* **WORK ORDER**:
Set out exactly every line of the entries below, starting at the line that holds "Demux1/1 -> [Icd]" and stopping after the line that holds "Add9/1 -> Add8/2".

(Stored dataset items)

┌────────

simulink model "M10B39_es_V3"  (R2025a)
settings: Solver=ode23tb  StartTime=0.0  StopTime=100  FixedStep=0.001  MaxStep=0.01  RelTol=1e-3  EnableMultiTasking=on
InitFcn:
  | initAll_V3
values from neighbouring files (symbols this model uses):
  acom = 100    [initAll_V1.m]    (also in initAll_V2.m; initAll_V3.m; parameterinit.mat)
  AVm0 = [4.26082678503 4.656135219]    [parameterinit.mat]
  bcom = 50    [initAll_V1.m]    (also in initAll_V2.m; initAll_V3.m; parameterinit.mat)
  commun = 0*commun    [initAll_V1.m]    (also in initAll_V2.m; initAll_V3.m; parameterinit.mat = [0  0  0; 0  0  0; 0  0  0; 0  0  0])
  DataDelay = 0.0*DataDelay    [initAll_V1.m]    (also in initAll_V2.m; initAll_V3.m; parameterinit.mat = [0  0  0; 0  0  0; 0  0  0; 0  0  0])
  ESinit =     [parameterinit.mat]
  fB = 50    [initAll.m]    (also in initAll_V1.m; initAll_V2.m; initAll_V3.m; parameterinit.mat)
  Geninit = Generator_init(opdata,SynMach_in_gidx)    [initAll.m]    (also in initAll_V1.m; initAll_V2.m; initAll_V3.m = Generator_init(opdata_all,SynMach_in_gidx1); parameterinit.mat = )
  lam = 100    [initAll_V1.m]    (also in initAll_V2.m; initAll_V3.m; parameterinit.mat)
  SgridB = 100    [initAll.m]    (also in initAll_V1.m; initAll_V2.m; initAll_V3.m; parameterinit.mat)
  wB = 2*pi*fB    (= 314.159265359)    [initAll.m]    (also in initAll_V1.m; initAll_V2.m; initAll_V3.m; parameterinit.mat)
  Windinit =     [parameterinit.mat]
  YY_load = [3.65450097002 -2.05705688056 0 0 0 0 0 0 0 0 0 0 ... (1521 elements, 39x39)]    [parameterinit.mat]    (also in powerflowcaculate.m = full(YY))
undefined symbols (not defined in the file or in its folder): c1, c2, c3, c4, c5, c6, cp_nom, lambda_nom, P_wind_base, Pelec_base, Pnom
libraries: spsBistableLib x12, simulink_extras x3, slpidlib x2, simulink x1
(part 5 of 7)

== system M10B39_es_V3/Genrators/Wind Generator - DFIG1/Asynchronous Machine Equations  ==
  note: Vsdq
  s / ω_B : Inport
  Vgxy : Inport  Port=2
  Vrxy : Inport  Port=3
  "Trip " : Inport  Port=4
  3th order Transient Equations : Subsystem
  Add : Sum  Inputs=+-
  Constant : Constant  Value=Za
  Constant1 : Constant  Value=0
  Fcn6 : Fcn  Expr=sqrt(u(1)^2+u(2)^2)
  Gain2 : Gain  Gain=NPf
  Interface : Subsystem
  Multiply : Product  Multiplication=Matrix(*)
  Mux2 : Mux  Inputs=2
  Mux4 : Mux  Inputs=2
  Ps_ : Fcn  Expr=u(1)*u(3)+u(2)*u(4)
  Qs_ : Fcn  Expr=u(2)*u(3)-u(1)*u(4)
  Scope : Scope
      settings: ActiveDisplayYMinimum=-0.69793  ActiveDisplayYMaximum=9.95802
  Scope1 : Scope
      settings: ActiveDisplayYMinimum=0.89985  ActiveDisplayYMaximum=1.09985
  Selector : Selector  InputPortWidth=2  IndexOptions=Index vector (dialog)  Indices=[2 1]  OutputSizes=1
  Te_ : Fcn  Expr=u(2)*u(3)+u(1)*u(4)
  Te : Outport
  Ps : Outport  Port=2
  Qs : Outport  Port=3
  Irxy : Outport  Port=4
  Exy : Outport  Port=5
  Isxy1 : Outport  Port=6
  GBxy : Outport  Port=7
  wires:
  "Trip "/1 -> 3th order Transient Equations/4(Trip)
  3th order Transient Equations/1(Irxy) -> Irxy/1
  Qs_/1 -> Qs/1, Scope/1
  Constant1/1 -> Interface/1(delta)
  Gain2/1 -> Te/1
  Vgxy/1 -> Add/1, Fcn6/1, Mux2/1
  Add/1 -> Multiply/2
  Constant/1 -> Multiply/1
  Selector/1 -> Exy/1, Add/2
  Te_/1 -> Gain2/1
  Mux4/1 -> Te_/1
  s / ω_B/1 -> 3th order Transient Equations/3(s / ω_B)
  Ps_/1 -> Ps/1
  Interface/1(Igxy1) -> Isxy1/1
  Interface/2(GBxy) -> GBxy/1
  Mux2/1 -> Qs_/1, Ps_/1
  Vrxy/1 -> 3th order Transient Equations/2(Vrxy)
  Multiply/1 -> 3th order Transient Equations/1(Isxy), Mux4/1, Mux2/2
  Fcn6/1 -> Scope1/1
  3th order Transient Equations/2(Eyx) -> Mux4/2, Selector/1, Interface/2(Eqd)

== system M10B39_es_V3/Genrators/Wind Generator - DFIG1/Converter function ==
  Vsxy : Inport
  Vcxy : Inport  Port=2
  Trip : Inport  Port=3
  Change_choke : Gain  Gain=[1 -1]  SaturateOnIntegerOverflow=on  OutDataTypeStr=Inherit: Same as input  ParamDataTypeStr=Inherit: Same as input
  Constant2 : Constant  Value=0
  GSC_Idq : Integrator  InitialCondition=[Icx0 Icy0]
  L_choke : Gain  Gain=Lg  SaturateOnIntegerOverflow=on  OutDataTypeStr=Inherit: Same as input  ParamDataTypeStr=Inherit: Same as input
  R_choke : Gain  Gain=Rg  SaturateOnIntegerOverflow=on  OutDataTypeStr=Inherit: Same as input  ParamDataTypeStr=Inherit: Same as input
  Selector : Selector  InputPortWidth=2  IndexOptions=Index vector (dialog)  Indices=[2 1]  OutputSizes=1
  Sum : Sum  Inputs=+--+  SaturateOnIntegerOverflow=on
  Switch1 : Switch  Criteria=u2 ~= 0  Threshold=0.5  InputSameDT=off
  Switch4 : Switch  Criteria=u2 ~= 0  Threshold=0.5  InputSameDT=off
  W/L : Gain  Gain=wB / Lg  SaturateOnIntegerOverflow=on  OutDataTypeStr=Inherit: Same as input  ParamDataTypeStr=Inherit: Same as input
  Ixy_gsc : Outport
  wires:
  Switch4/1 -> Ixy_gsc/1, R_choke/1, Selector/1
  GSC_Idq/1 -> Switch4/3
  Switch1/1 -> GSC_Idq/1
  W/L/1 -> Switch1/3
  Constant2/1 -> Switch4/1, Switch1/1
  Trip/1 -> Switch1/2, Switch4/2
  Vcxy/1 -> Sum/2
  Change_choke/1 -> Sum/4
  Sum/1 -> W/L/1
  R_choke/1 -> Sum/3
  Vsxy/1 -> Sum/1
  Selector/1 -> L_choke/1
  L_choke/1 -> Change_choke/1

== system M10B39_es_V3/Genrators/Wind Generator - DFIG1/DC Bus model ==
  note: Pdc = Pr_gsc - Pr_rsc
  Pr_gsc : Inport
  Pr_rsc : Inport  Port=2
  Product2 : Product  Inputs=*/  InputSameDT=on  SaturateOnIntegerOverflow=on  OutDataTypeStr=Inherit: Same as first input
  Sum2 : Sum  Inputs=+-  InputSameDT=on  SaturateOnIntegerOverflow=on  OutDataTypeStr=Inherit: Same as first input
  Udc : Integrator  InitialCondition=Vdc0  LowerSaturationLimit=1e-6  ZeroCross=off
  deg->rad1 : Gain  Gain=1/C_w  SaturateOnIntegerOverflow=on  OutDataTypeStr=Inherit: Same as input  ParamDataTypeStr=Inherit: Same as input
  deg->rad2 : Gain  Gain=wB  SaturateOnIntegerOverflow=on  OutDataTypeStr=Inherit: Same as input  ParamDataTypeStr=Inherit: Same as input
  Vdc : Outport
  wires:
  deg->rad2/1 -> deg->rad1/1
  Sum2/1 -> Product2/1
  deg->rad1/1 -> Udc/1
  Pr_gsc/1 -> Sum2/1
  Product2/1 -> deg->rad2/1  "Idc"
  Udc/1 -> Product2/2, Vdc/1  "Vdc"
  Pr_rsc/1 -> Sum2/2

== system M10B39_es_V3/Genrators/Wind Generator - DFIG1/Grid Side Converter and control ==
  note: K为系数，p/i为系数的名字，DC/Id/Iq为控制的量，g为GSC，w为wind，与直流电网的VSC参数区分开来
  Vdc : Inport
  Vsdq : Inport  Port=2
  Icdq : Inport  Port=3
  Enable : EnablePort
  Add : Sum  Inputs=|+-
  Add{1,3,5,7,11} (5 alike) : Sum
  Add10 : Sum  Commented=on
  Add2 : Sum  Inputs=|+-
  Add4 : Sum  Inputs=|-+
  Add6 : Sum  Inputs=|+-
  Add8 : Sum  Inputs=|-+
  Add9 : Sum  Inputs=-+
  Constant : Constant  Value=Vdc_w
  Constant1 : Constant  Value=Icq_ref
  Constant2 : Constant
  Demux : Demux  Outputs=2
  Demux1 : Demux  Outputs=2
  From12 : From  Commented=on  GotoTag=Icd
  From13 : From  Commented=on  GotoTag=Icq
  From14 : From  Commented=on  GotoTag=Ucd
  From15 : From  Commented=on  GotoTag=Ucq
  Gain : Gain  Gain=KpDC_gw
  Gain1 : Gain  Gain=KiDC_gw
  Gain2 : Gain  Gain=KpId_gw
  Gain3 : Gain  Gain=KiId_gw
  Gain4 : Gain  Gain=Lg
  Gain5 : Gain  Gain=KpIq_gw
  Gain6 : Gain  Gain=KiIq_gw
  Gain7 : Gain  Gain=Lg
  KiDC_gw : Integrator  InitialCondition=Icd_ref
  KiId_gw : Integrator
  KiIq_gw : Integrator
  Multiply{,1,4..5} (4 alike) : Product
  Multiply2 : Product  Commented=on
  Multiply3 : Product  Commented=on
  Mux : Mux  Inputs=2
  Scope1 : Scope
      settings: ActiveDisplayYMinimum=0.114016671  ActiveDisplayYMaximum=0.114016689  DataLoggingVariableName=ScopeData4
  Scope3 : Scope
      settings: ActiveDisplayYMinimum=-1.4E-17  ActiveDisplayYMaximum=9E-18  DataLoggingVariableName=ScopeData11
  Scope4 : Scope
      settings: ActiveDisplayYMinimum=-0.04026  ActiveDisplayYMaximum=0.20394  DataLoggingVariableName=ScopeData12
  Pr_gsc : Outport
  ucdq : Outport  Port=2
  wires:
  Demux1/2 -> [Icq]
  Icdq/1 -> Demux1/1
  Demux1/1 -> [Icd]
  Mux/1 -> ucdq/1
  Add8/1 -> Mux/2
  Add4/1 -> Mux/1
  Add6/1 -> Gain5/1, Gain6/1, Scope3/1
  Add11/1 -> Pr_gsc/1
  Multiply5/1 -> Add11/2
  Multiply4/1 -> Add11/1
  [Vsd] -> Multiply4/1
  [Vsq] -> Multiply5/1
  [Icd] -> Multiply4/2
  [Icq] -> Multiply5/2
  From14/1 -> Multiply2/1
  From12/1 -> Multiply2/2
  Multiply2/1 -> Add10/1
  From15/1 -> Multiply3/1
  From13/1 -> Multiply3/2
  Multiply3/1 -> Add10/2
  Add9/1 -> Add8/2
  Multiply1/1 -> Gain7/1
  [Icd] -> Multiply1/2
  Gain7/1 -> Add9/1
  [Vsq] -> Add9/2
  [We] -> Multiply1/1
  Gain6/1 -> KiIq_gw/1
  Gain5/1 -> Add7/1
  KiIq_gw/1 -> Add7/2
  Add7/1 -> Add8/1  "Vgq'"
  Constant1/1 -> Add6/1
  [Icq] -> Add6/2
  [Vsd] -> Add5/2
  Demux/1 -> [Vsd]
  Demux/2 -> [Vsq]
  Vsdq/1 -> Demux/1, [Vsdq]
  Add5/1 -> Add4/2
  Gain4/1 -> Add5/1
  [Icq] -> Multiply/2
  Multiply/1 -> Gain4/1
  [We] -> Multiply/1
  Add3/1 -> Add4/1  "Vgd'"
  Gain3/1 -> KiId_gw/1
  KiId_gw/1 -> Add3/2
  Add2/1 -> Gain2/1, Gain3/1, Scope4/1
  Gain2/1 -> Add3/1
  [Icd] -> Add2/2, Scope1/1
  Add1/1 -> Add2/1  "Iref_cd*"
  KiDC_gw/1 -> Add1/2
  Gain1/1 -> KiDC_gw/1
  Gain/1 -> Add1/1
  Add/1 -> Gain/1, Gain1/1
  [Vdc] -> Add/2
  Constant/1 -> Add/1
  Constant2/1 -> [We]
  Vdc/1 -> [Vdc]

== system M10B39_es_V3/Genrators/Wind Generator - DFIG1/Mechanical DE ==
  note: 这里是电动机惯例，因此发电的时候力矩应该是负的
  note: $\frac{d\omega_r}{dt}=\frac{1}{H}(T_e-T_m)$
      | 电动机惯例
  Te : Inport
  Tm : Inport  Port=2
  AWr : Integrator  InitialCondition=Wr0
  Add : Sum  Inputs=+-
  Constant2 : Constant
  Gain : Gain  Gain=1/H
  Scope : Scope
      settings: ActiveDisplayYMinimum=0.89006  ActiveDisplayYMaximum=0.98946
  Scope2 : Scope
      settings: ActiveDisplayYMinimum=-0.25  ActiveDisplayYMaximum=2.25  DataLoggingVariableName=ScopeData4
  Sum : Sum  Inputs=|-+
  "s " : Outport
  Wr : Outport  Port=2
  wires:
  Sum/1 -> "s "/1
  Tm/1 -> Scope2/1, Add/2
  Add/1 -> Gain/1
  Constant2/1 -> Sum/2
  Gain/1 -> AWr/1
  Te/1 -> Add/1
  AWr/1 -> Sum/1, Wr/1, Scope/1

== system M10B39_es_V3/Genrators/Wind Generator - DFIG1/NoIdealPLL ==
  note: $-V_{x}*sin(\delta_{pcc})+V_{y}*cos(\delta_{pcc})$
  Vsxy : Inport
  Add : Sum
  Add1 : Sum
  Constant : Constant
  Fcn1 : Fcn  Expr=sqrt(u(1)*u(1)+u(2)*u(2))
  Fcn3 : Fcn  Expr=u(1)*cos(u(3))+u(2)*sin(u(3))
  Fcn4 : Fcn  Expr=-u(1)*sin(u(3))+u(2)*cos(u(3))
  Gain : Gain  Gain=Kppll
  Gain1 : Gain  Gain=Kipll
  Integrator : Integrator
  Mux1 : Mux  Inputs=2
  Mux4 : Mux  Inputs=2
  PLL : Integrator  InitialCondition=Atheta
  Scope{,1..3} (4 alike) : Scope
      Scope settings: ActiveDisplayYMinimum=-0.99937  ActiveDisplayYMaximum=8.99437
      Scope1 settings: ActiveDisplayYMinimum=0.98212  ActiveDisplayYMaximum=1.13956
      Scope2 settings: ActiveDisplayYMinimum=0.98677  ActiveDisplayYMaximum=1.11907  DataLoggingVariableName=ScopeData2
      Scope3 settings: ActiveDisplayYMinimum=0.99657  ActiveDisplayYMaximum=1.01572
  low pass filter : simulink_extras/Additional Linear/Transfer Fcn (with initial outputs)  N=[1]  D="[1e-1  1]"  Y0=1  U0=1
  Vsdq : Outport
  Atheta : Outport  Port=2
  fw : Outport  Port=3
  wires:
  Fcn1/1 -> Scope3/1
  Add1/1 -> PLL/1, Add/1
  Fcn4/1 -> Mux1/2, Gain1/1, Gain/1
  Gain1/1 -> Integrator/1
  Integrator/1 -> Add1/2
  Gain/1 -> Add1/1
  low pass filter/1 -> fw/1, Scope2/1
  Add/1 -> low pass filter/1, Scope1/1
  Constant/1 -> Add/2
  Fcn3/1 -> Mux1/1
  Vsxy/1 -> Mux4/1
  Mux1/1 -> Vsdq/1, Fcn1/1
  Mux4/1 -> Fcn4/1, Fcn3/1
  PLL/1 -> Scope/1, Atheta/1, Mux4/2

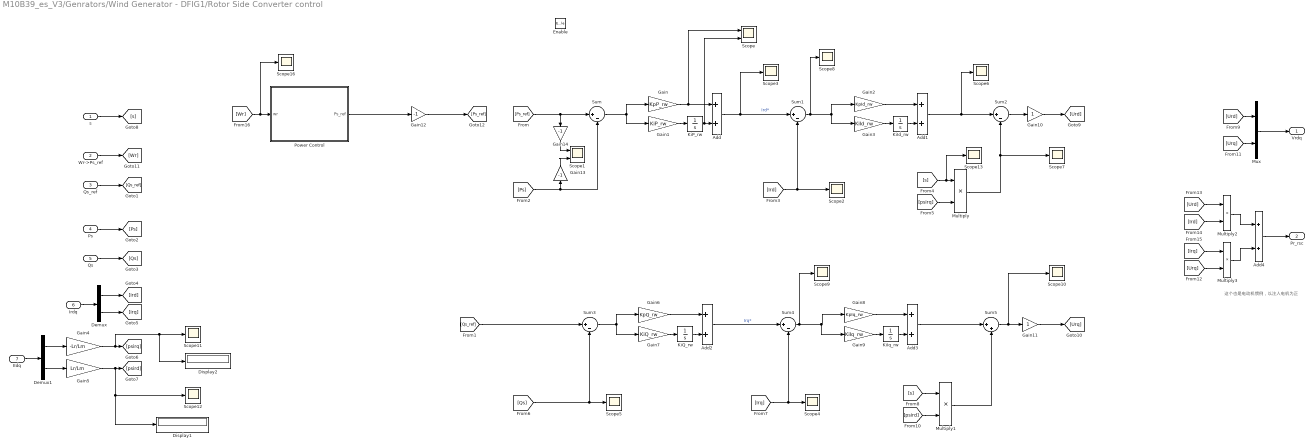
== system M10B39_es_V3/Genrators/Wind Generator - DFIG1/Rotor Side Converter control ==
  note: 这个也是电动机惯例，以注入电机为正
  s : Inport
  Wr->Ps_ref : Inport  Port=2
  Qs_ref : Inport  Port=3
  Ps : Inport  Port=4
  Qs : Inport  Port=5
  Irdq : Inport  Port=6
  Edq : Inport  Port=7
  Enable : EnablePort
  Add{,1..4} (5 alike) : Sum
  Demux : Demux  Outputs=2
  Demux1 : Demux  Outputs=2
  Display1 : Display
  Display2 : Display
  Gain : Gain  Gain=KpP_rw
  Gain1 : Gain  Gain=KiP_rw
  Gain10 : Gain
  Gain11 : Gain
  Gain12 : Gain  Gain=-1
  Gain13 : Gain  Gain=-1
  Gain14 : Gain  Gain=-1
  Gain2 : Gain  Gain=KpId_rw
  Gain3 : Gain  Gain=KiId_rw
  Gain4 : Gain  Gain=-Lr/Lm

└────────

* **WORKED SOLUTION**:
  Demux1/1 -> [Icd]
  Mux/1 -> ucdq/1
  Add8/1 -> Mux/2
  Add4/1 -> Mux/1
  Add6/1 -> Gain5/1, Gain6/1, Scope3/1
  Add11/1 -> Pr_gsc/1
  Multiply5/1 -> Add11/2
  Multiply4/1 -> Add11/1
  [Vsd] -> Multiply4/1
  [Vsq] -> Multiply5/1
  [Icd] -> Multiply4/2
  [Icq] -> Multiply5/2
  From14/1 -> Multiply2/1
  From12/1 -> Multiply2/2
  Multiply2/1 -> Add10/1
  From15/1 -> Multiply3/1
  From13/1 -> Multiply3/2
  Multiply3/1 -> Add10/2
  Add9/1 -> Add8/2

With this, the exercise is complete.